African rulers should go beyond the shedding of crocodile tears over the lynching of George Floyd and recognize that the police forces imposed by colonizers were designed to kill Africans in genocidal proportions. Decolonize the police and prisons in Africa!
Michael Vick’s dogs surely got more justice than poor African Americans because if the police lynched a dog the way they lynched George Floyd, Michael Brown, Eric Garner, Breonna Taylor, Tamir Rice, etc, etc, there would be more outrage.
The war on drugs must end
so police officers cannot claim as ‘probable cause’, the testimony by Darren
Wilson that Mike Brown’s stockings had the images of green marijuana leaves
painted on them. Marijuana remains medicinal and much safer than alcohol and
tobacco that kill hundreds of thousands annually while 800,000 Americans are arrested yearly for marijuana possession but no one ever died from marijuana use.
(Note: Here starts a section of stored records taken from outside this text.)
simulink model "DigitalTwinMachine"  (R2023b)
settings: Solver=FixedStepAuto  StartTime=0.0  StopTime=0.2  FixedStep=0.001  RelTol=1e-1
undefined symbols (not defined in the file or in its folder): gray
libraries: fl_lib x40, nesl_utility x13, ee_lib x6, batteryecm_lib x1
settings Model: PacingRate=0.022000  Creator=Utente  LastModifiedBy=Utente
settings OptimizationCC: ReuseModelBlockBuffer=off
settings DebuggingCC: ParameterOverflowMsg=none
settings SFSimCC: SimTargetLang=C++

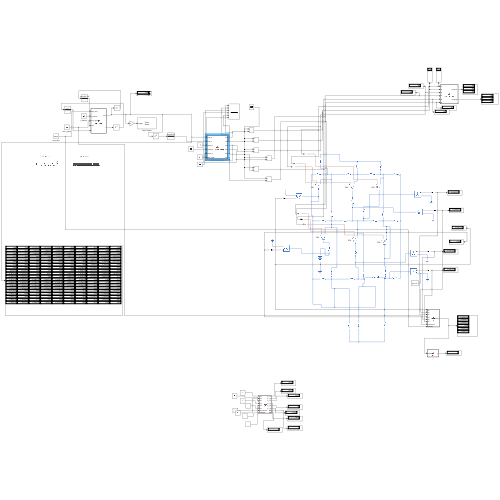
[thumbnail: Simulink's stored preview of the top-level diagram]
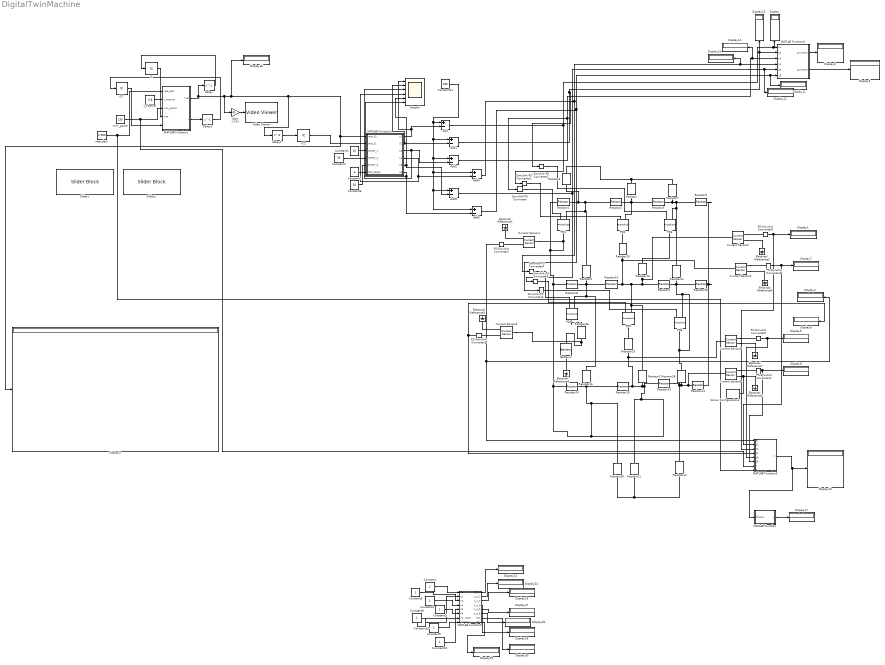
== system DigitalTwinMachine ==
  Add{,1..5} (6 alike) : Sum  Inputs=+-
  Battery1 : batteryecm_lib/Battery  Vnom=12 V  prm_dir=simscape.enum.battery.prm_dir.disabled  R1_dis=2 Ohm  R1_ch=2 Ohm  R1=2 Ohm  prm_AH=simscape.enum.battery.prm_AH.infinite  AH=50 A*hr  V1=11.5 V  AH1=25 A*hr  prm_R2=simscape.enum.battery.prm_R2.disabled  R2=2000 Ohm  Tmeas=298.15 K  charge_measurement_port=simscape.enum.battery.enable.no  prm_dyn=simscape.enum.battery.prm_dyn.off  Rp1=0.005 Ohm  tau1=30 s  Rp2=0.005 Ohm  tau2=30 s  Rp3=0.005 Ohm  tau3=30 s  Rp4=0.005 Ohm  tau4=30 s  Rp5=0.005 Ohm  tau5=30 s  prm_fade=simscape.enum.battery.prm_fade.disabled  N_fade=100  AH_fade=45 A*hr  R1_fade=2.02 Ohm  R1_ch_fade=2.02 Ohm  V1_fade=10.35 V  prm_age=simscape.enum.battery.prm_age.disabled  prm_age_OCV=simscape.enum.battery.prm_age_OCV.OCV  OCV_age=0.9  SOC_age=60  Tmeas_age=298.15 K  delta_time_age_vec=[0] d  temperature_age_vec=[273] K  OCV_scaling_age=2.2134e6  OCV_offset_age=1.632e6  temp_exp_age=0.515833569 V  t_exp_age=0.75  Vnom_T2=12 V  R1_T2=2.2 Ohm  R1_T2_dis=2.2 Ohm  R1_T2_ch=2.2 Ohm  V1_T2=11.4 V  R2_T2=2200 Ohm  Rp1_T2=0.005 Ohm  tau1_T2=30 s  Rp2_T2=0.005 Ohm  tau2_T2=30 s  Rp3_T2=0.005 Ohm  tau3_T2=30 s  Rp4_T2=0.005 Ohm  tau4_T2=30 s  Rp5_T2=0.005 Ohm  tau5_T2=30 s  Tmeas2=273.15 K  thermal_port=simscape.enum.thermaleffects.omit  thermal_mass=30000 J/K  i_specify=off  i_priority=None  i=0 A  i_nominal_specify=off  i_nominal_unit=A  i_nominal_value=1  v_specify=off  v_priority=None  v=0 V  v_nominal_specify=off  v_nominal_unit=V  v_nominal_value=1  charge_specify=off  charge_priority=High  charge=50 A*hr  charge_nominal_specify=off  charge_nominal_unit=A*hr  charge_nominal_value=1  num_cycles_specify=off  num_cycles_priority=High  num_cycles=0  num_cycles_nominal_specify=off  num_cycles_nominal_unit=1  num_cycles_nominal_value=1  temperature_specify=off  temperature_priority=High  temperature=298.15 K  temperature_nominal_specify=off  temperature_nominal_unit=K  temperature_nominal_value=1
  Constant{,3..5,8..10,12} (8 alike) : Constant
  Constant1 : Constant  Value=10
  Constant11 : Constant  Value=185
  Constant2 : Constant  Value=30
  Constant6 : Constant  Value=50
  Constant7 : Constant  Value=6
  Current Sensor{1..6} (6 alike) : fl_lib/Electrical/Electrical Sensors/Current Sensor
  Delay : Delay  DelayLength=1  InitialCondition=0
  Delay1 : Delay  DelayLength=1  InitialCondition=0
  Delay2 : Delay  InitialCondition=0
  Display{,1..17,23..30} (26 alike) : Display
  Electrical Reference{1..7} (7 alike) : fl_lib/Electrical/Electrical Elements/Electrical Reference
  Gain : Gain  Gain=1/255
  IC : InitialCondition  Value=zeros(100,100)
  IC1 : InitialCondition
  IC2 : InitialCondition  Value=zeros(100,100)
  MATLAB Function : MATLAB Function  TreatAsAtomicUnit=on
  MATLAB Function1 : MATLAB Function  TreatAsAtomicUnit=on
  MATLAB Function2 : MATLAB Function  TreatAsAtomicUnit=on
  MATLAB Function3 : MATLAB Function  TreatAsAtomicUnit=on
  MATLAB Function4 : MATLAB Function  TreatAsAtomicUnit=on
  MATLAB Function5 : MATLAB Function  TreatAsAtomicUnit=on
  PD1 : ee_lib/Sensors & Transducers/Photodiode  prmFlux=2  Imeas=25 uA  FluxD=5 W/m^2  G=5e-6 A*m^2/W  prmExp=1  I2=0.1 A  V2=1.3 V  IS=5e-9 A  ec=3  RS=0.1 Ohm  Tmeas=25 degC  C_param=1  CJ=60 pF  CJ0=60 pF  VJ=1 V  Mgrad=0.5  Vvec=[.1, 10, 100] V  Cvec=[45, 3, 6] pF  FC=0.5  T_param=1  IS_T2=2.5e-7 A  I1_T2=0.07 A  V1_T2=1.3 V  Tmeas2=125 degC  EG_param=1  EG=1.11 eV  XTI_param=1  XTI=3  Tdevice=25 degC  i_specify=off  i_priority=None  i=0 A  i_nominal_specify=off  i_nominal_unit=A  i_nominal_value=1  v_specify=off  v_priority=None  v=0 V  v_nominal_specify=off  v_nominal_unit=V  v_nominal_value=1  v_capacitor_specify=off  v_capacitor_priority=High  v_capacitor=0 V  v_capacitor_nominal_specify=off  v_capacitor_nominal_unit=V  v_capacitor_nominal_value=1  thermal_network_parameterization=ee.enum.thermalNetworkTopology.junctionCase  Rth=[0, 10] K/W  Rth_Cauer=[1, 3, 10] K/W  Rth_Foster=[4, 6] K/W  thermal_mass_parameterization=ee.enum.thermalNetwork.timeconstant  thermal_mass=[0, 1] J/K  thermal_mass_Cauer=[1.5, 2, 3] J/K  thermal_mass_Foster=[1.5, 3] J/K  thermal_time_constant=[0, 10] s  thermal_time_constant_Cauer=[1, 3, 10] s  thermal_time_constant_Foster=[6, 18] s  thermal_mass_initial_temperatures=[25, 25] degC  thermal_mass_initial_temperatures_Cauer=[25, 25, 25] degC  steadyState_Foster=simscape.enum.onoff.on  Tvec_initial_Foster=[25, 25, 25, 25] degC
      settings: InternalSimscapePortConfiguration="{\"Bottom\":[],\"Left\":[{\"id\":\"W\",\"label\":\"W\",\"type\":\"input\"},{\"id\":\"p\",\"label\":\"\",\"type\":\"foundation.electrical.electrical\"}],\"Right\":[{\"id\":\"n\",\"label\":\"\",\"type\":\"foundation.electrical.electrical\"}],\"Top\":[]}"
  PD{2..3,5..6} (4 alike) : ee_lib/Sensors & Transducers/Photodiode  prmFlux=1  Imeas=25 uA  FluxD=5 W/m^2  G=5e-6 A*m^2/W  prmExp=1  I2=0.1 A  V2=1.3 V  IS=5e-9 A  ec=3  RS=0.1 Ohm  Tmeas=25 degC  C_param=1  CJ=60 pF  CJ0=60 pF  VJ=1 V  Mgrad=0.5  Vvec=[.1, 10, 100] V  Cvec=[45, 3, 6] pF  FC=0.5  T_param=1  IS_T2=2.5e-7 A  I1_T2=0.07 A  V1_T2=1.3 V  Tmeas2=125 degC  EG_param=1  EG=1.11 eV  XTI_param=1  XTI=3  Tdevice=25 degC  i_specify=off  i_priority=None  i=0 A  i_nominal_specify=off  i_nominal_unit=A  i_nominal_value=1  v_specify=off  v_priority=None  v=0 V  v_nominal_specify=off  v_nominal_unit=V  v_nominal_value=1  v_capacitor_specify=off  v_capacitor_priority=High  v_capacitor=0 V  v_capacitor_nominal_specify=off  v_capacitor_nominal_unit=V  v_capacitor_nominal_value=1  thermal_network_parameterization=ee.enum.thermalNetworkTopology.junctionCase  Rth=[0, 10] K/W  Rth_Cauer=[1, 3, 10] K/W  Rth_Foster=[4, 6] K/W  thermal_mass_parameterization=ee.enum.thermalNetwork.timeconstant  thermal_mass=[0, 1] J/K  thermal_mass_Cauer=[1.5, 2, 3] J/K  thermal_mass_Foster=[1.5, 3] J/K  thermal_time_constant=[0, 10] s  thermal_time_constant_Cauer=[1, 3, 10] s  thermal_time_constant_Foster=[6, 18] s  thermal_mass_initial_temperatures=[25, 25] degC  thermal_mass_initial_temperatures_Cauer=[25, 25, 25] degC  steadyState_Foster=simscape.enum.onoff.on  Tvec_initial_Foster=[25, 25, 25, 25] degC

No one should die from mere allegations of fraud while pleading with his co-worker of many years of nightclub security job:
"It's my face man
I didn't do nothing serious man
please
please
please I can't breathe
please man
please somebody
please man
I can't breathe
I can't breathe
please
(inaudible)
man can't breathe, my face
just get up
I can't breathe
please (inaudible)
I can't breathe sh*t
I will
I can't move
mama
mama
I can't
my knee
my nuts
I'm through
I'm through
I'm claustrophobic
my stomach hurt
my neck hurts
everything hurts
some water or something
please
please
I can't breathe officer
don't kill me
they gon' kill me man
come on man
I cannot breathe
I cannot breathe
they gon' kill me
they gon' kill me
I can't breathe
I can't breathe
please sir
please
please
please I can't breathe"
And they claimed that he was resisting arrest! Was Elijah McClain also resisting arrest when he was lynched by officers despite his politeness and appeals to their common humanity?
Decolonize Policing! Decolonize Prisons! Demilitarize the earth. Let your people go! Protest!